Rezible is an open-source platform designed to support, automate, and report on oncall processes, aiming to reduce the burden on oncall teams and improve overall oncall health. The platform is currently under heavy development, but it promises to offer features such as automated handovers, AI-powered post-incident debriefs, and data collection and visualization.

Machine Learning Mischief

Machine learning experiments can be manipulated to achieve a preconceived goal by exploiting evaluation metrics and scientific tests, a practice known as "gaming" or "cherry picking" that is considered unethical.
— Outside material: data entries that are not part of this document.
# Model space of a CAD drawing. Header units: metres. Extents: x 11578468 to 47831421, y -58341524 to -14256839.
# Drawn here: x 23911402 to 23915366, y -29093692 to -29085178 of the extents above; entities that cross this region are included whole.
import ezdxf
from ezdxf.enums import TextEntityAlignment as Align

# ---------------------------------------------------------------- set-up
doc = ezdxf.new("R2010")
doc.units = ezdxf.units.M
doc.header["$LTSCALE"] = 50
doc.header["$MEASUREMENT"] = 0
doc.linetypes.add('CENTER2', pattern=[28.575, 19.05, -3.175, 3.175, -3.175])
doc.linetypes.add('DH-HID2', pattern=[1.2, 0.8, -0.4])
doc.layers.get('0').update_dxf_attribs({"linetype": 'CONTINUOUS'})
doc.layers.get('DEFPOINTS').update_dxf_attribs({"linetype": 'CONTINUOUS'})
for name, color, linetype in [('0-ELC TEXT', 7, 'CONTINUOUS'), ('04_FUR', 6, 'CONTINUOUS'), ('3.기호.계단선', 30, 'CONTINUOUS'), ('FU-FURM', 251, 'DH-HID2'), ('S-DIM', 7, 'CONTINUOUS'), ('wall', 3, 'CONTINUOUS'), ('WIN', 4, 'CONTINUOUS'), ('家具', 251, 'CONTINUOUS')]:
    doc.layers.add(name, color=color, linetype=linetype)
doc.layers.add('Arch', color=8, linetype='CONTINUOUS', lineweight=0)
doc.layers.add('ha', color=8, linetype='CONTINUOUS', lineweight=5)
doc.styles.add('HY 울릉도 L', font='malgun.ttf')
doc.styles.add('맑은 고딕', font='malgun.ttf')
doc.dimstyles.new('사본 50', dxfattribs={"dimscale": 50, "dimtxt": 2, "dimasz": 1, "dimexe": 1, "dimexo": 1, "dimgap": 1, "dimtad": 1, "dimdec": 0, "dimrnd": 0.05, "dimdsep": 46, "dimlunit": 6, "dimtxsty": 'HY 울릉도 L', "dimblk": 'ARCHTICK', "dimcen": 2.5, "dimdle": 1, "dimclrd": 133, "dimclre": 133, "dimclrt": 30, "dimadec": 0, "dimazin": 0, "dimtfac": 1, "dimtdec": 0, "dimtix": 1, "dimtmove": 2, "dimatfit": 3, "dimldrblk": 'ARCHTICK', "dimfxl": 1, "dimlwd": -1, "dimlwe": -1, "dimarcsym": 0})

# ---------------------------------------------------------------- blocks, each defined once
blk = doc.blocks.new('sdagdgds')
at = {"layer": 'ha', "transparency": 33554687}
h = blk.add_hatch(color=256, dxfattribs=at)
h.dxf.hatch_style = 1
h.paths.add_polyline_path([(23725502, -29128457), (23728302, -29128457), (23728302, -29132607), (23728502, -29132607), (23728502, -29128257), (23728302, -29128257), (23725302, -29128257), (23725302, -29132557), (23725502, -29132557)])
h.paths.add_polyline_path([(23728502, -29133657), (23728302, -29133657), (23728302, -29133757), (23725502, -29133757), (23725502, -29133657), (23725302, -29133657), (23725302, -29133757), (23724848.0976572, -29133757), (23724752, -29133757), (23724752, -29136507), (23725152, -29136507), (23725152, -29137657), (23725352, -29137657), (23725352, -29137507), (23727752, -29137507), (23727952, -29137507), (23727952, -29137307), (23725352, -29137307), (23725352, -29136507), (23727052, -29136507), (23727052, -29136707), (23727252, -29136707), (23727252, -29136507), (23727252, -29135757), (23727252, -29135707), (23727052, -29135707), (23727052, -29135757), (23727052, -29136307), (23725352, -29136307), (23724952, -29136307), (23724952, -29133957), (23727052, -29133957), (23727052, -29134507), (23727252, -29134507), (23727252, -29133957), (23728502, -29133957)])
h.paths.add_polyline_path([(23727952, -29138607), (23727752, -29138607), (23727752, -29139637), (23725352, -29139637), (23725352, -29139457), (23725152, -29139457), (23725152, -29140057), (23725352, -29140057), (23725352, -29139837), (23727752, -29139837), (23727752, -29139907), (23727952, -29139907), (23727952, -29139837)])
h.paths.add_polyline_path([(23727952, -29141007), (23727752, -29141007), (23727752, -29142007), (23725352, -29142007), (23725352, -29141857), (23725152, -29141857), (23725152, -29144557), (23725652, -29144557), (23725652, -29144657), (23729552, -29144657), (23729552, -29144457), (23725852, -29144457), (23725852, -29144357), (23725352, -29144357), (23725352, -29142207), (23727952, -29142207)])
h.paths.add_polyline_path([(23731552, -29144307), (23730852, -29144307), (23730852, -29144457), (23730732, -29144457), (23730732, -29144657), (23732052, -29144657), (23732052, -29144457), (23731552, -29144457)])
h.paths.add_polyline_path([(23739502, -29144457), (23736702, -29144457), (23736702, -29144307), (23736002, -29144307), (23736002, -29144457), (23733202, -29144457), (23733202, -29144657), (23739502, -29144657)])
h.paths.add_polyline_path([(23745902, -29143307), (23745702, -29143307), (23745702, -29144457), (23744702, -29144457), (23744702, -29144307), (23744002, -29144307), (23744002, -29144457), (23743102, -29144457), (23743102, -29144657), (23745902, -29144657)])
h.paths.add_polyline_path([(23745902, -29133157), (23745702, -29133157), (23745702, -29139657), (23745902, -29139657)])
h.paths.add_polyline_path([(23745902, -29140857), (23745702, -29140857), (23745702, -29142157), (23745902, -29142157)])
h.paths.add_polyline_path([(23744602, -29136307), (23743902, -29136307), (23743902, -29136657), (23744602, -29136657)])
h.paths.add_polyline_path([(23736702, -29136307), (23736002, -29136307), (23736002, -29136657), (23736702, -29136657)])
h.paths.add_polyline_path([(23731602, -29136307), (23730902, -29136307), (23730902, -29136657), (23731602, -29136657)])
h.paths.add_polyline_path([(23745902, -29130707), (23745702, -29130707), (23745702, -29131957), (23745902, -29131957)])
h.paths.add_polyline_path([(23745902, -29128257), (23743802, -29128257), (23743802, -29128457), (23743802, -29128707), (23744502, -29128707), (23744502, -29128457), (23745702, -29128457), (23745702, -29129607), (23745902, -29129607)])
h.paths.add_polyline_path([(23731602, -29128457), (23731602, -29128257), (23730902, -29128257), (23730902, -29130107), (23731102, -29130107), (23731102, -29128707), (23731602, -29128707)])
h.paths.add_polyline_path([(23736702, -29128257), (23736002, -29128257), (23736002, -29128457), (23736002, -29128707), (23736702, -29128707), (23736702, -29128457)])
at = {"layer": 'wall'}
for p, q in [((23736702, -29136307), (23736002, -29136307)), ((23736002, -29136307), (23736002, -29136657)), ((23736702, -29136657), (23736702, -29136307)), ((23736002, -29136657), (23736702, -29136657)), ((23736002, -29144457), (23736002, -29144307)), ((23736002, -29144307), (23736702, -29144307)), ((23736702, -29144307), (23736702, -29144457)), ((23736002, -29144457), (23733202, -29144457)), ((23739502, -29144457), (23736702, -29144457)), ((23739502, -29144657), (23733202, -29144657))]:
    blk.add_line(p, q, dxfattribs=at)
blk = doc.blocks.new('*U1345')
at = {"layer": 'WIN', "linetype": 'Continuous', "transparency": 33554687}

Examples of such manipulations include seed hacking, cross-validation hacking, and p-hacking, and can be identified by probing questions that challenge the experimental method and its choices.

Show HN: Kiln - Interactive LLM fine-tuning, dataset collab & synthetic data gen

Kiln is a tool for fine-tuning large language models (LLMs), generating synthetic data, and collaborating on datasets, offering an intuitive desktop app and open-source library and API. It supports various models and providers, including Ollama, OpenAI, and AWS, and prioritizes data correctness and user privacy.

Vision Is All You Need: V-RAG (Vision RAG) Demo

The V-RAG (Vision RAG) architecture utilizes a vision language model to embed pages of PDF files as vectors, allowing for efficient search and retrieval without the need for chunking. The demo uses a VLM to convert PDF pages to images, generates embeddings, and stores them in a database, enabling users to search for similar pages using a query.